- DVD cover
- Genre: Biographical drama
- Based on: Faith of My Fathers by John McCain; Mark Salter;
- Written by: Peter Markle; William Bingham;
- Directed by: Peter Markle
- Starring: Shawn Hatosy; Cary-Hiroyuki Tagawa; Joe Chrest; Erin Cottrell; Chi Muoi Lo; Shea Whigham; Troy Ruptash; Scott Glenn;
- Music by: Velton Ray Bunch
- Country of origin: United States
- Original language: English

Production
- Executive producers: Tom Thayer; Howard Braunstein; Michael Jaffe; Delia Fine;
- Producer: Alan Barnette
- Cinematography: Bill Roe
- Editor: Scott Boyd
- Running time: 90 minutes
- Production companies: Traveler's Rest Films; Jaffe-Braunstein Films; Sony Pictures Television;

Original release
- Network: A&E
- Release: May 30, 2005

= Faith of My Fathers (film) =

2005 film

Faith of My Fathers is a 2005 American biographical drama television film directed by Peter Markle and written by Markle and William Bingham, based on the 1999 memoir by United States Senator and former United States Navy aviator John McCain (with Mark Salter). It aired on A&E on Memorial Day, May 30, 2005.

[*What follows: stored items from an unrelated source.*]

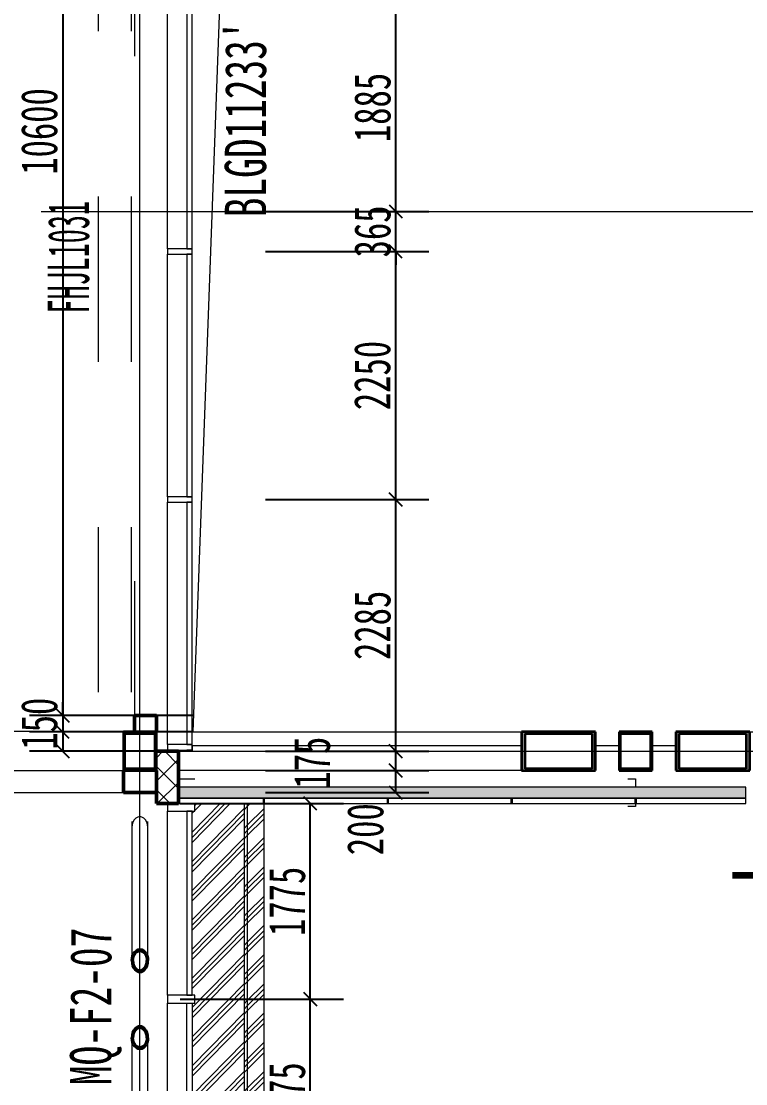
# Model space of a CAD drawing. Header units: millimetres. Extents: x 124696 to 347024, y 412631 to 564609.
# Drawn here: x 189094 to 195671, y 520834 to 530477 of the extents above; entities that cross this region are included whole.
import ezdxf

# ---------------------------------------------------------------- set-up
doc = ezdxf.new("R2010")
doc.units = ezdxf.units.MM
doc.header["$LTSCALE"] = 1500
doc.header["$MEASUREMENT"] = 0
for name, pattern in [('二层平面图$0$Aligning Line', [6.35, 3.175, -3.175]), ('二层平面图$0$IMPORT-216002', [3, 2, -1]), ('二层平面图$0$划线', [6.35, 3.175, -3.175]), ('二层平面图$0$划线 1mm', [2, 1, -1]), ('二层平面图$0$轴网线_12_3_3_3 mm', [21, 12, -3, 3, -3])]:
    doc.linetypes.add(name, pattern=pattern)
doc.layers.add('0-建筑底图', color=7, linetype='Continuous')
for name, color, linetype, lineweight in [('二层平面图$0$0-1', 7, 'Continuous', 5), ('二层平面图$0$A-DOOR', 51, 'Continuous', 9), ('二层平面图$0$A-DOOR-3', 51, '二层平面图$0$划线', 9), ('二层平面图$0$A-DOOR-4', 51, '二层平面图$0$划线 1mm', 9), ('二层平面图$0$A-DOOR-IDEN', 53, 'Continuous', 15), ('二层平面图$0$A-LINE', 7, 'Continuous', 9), ('二层平面图$0$A-LINE-1', 7, '二层平面图$0$IMPORT-216002', 9), ('二层平面图$0$A-LINE-4', 7, '二层平面图$0$Aligning Line', 100), ('二层平面图$0$A-WALL-1', 10, 'Continuous', 50), ('二层平面图$0$A-WALL-2', 170, 'Continuous', 20), ('二层平面图$0$A-WALL-CURT-PANEL-2', 7, 'Continuous', 9), ('二层平面图$0$A-WALL-CURT-PANEL-3', 140, 'Continuous', 9), ('二层平面图$0$A-WALL-CURT-STILE-2', 7, 'Continuous', 9), ('二层平面图$0$A-WALL-CURT-STILE-3', 7, 'Continuous', 9), ('二层平面图$0$ANNO-DIMS', 3, 'Continuous', 15), ('二层平面图$0$ANNO-DOTE-1', 10, '二层平面图$0$轴网线_12_3_3_3 mm', 15), ('二层平面图$0$FLOR-PATT', 99, 'Continuous', 9), ('二层平面图$0$S-BEAM', 4, 'Continuous', 9), ('二层平面图$0$S-BEAM-1', 7, 'Continuous', 9), ('二层平面图$0$S-BEAM-2', 130, 'Continuous', 35), ('二层平面图$0$S-COLU', 7, 'Continuous', 9), ('二层平面图$0$S-COLU-2', 130, 'Continuous', 35), ('二层平面图$0$WALL-1', 40, 'Continuous', 9), ('二层平面图$0$WALL-HATCH', 252, 'Continuous', 9), ('二层平面图$0$WALL-IDEN', 233, 'Continuous', 15)]:
    doc.layers.add(name, color=color, linetype=linetype, lineweight=lineweight)
doc.styles.add('二层平面图$0$黑体', font='simhei.ttf', dxfattribs={"width": 0.7, "height": 375})
doc.styles.add('二层平面图$0$黑体_5', font='simhei.ttf', dxfattribs={"width": 0.7, "height": 330})
doc.styles.add('二层平面图$0$黑体_6', font='simhei.ttf', dxfattribs={"width": 0.5, "height": 375})
doc.dimstyles.new('二层平面图$0$直线_2_2mm_黑体_引线_文字在上', dxfattribs={"dimscale": 304.8, "dimtxt": 412.811453, "dimasz": 0.393701, "dimexe": 0.984252, "dimexo": 0.0625, "dimgap": 0.147638, "dimtad": 1, "dimdec": 0, "dimzin": 0, "dimdsep": 46, "dimtxsty": '二层平面图$0$黑体_5', "dimblk1": '二层平面图$0$_Oblique', "dimblk2": '二层平面图$0$_Oblique', "dimsah": 1, "dimcen": 0.09, "dimazin": 0, "dimtfac": 1, "dimtdec": 4, "dimtix": 1, "dimtmove": 0, "dimatfit": 3, "dimfxl": 3.937008, "dimfxlon": 1, "dimtvp": 1, "dimtolj": 1, "dimtzin": 0, "dimarcsym": 2})
doc.dimstyles.new('二层平面图$0$直线_2_2mm_黑体_引线_文字在上_2', dxfattribs={"dimscale": 304.8, "dimtxt": 412.811453, "dimasz": 0.393701, "dimexe": 0.984252, "dimexo": 0.0625, "dimgap": 0.147638, "dimtad": 1, "dimdec": 0, "dimzin": 0, "dimdsep": 46, "dimtxsty": '二层平面图$0$黑体_5', "dimblk1": '二层平面图$0$_Oblique', "dimblk2": '二层平面图$0$_Oblique', "dimsah": 1, "dimcen": 0.09, "dimazin": 0, "dimtfac": 1, "dimtdec": 4, "dimtix": 1, "dimtmove": 2, "dimatfit": 3, "dimfxl": 3.937008, "dimfxlon": 1, "dimtvp": 1, "dimtolj": 1, "dimtzin": 0, "dimarcsym": 2})
pattern_1 = [(45, (0, 0), (-132.5825, 132.5825), []), (45, (46.88, 0), (0, 265.16504), []), (45, (-46.88, 0), (0, 265.16504), [])]

# ---------------------------------------------------------------- blocks, each defined once
blk = doc.blocks.new('二层平面图$0$S-梁-钢-箱形1 - _-300x350x14x14-V53-104-2F')
at = {"layer": '二层平面图$0$S-BEAM-1'}
h = blk.add_hatch(color=256, dxfattribs=at)
h.paths.add_polyline_path([(49135.4, 67325), (49135.4, 67675), (48464.6, 67675), (48464.6, 67325), (48619.8, 67325)])
h.paths.add_polyline_path([(48495.9, 67339), (48495.9, 67661), (49104.1, 67661), (49104.1, 67339), (48619.8, 67339)])
for p, q in [((45475, 67675), (48464.6, 67675)), ((48464.6, 67325), (45350, 67325))]:
    blk.add_line(p, q, dxfattribs=at)
at = {"layer": '二层平面图$0$S-BEAM-2'}
for p, q in [((49135.4, 67675), (48464.6, 67675)), ((48464.6, 67675), (48464.6, 67325)), ((48495.9, 67339), (48495.9, 67661)), ((48495.9, 67661), (49104.1, 67661)), ((49104.1, 67661), (49104.1, 67339)), ((49135.4, 67325), (49135.4, 67675)), ((48464.6, 67325), (49135.4, 67325)), ((49104.1, 67339), (48495.9, 67339))]:
    blk.add_line(p, q, dxfattribs=at)
blk = doc.blocks.new('二层平面图$0$S-梁-钢-箱形1 - _-300x350x14x14-V54-104-2F')
at = {"layer": '二层平面图$0$S-BEAM-1'}
h = blk.add_hatch(color=256, dxfattribs=at)
h.paths.add_polyline_path([(49864.6, 67325), (50535.4, 67325), (50535.4, 67675), (49864.6, 67675), (49864.6, 67488.6)])
h.paths.add_polyline_path([(50504.1, 67339), (49895.9, 67339), (49895.9, 67661), (50504.1, 67661)])
blk.add_line((50535.4, 67675), (50729.4, 67675), dxfattribs=at)
at = {"layer": '二层平面图$0$S-BEAM-2'}
for p, q in [((50535.4, 67675), (49864.6, 67675)), ((49864.6, 67675), (49864.6, 67325)), ((49895.9, 67339), (49895.9, 67661)), ((49895.9, 67661), (50504.1, 67661)), ((50504.1, 67661), (50504.1, 67339)), ((50535.4, 67325), (50535.4, 67675)), ((49864.6, 67325), (50535.4, 67325)), ((50504.1, 67339), (49895.9, 67339))]:
    blk.add_line(p, q, dxfattribs=at)
blk = doc.blocks.new('二层平面图$0$S-柱-钢-矩形管 - _-300x350x14x14-1974236-104-2F')
at = {"layer": '二层平面图$0$S-COLU'}
h = blk.add_hatch(color=256, dxfattribs=at)
h.paths.add_polyline_path([(-150, -175), (150, -175), (150, 175), (-150, 175), (-150, 148)])
h.paths.add_polyline_path([(-136, -161), (-136, 161), (136, 161), (136, -161)])
at = {"layer": '二层平面图$0$S-COLU-2'}
for p, q in [((150, 175), (-150, 175)), ((-150, 175), (-150, -175)), ((-136, -161), (-136, 161)), ((-136, 161), (136, 161)), ((136, 161), (136, -161)), ((150, -175), (150, 175)), ((-150, -175), (150, -175)), ((136, -161), (-136, -161))]:
    blk.add_line(p, q, dxfattribs=at)
blk = doc.blocks.new('二层平面图$0$S-梁-钢-圆管 - P-146x10-V74-104-2F')
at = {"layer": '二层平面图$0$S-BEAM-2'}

Filmed in New Orleans, Faith of My Fathers is based on the story of Lieutenant Commander John McCain's experiences as a prisoner of war in North Vietnam for five and a half years during the Vietnam War, interleaved with his memories of growing up in a heritage rich with military service. Shawn Hatosy stars as John McCain, with Scott Glenn as his father, Admiral Jack McCain. Of the North Vietnamese captors, Chi Muoi Lo plays the keyman "Prick" and Cary-Hiroyuki Tagawa plays prison commander "Cat".

==Plot==

John McCain flies his jet from a carrier on a bombing mission over Hanoi, North Vietnam. As a warning buzzer announces incoming missiles, McCain stays with the bomb drop, but is hit by a missile. He lands in the water and is pulled ashore by an angry mob, and taken prisoner. Asked to give information, he gives out the names of the Green Bay Packers rather than of his squadron. In flashbacks, his father tells of how his submarine escaped destruction in World War II, and told him not to worry about his grades, as his father and grandfather "really fooled them" by rising to admiral despite doing poorly in school. In prison, McCain sees other prisoners cruelly tortured, while he sees a couple who appear to have decided to cooperate with the enemy. McCain is given a choice to be released early in recognition that his father is commander of U.S. forces in the Pacific, but he refuses, and suffers for it. During a stepped-up bombing campaign, the prisoners sing "Silent Night", after which negotiations result in a release of prisoners and a trip home.

==Cast==
- Shawn Hatosy as John McCain
- Scott Glenn as Jack McCain
- Cary-Hiroyuki Tagawa as Cat
- Joe Chrest as Craner
- Chi Muoi Lo as Prick
- Erin Cottrell as Carol McCain
- Troy Ruptash as Bud Day
- Shea Whigham as Norris Overly
- Brian F. Durkin as Henry Witt
- Nick Gomez as Becker
- Michael Arata as Captain Hart
- Korbi Dean as Roberta McCain

==Production==
Faith of My Fathers was shot in New Orleans. Filming locations included the former Falstaff Brewery (as the Hanoi Hilton) and Tulane University (as the United States Naval Academy).

==Reception==
When initially aired, the film had 3.7 million viewers, and was A&E's highest-rated program in over a year.

Reviews for Faith of My Fathers were mixed, with Variety calling the treatment an "earnest adaptation" and "a stark, by-the-numbers account of the horrors POWs endured in Vietnam", while The Washington Post said the film was "serviceable" but fell short of McCain's "much more nuanced" memoir. The New York Times said the film lacked complexity and texture, but that it was "a respectful, moving view of a veteran's effort to pay respects to his family and fellow P.O.W.'s."

The film was nominated for four Primetime Emmy Awards, in categories involving art direction, cinematography, and editing, but did not win any of them. It was also a nominee for the American Society of Cinematographers Awards of 2005. It was released to DVD by Sony Pictures Television on August 30, 2005.

A DVD of the film was commercially released in June 2008 by Sony Pictures Entertainment, and was also used as a contribution reward by McCain's 2008 presidential campaign.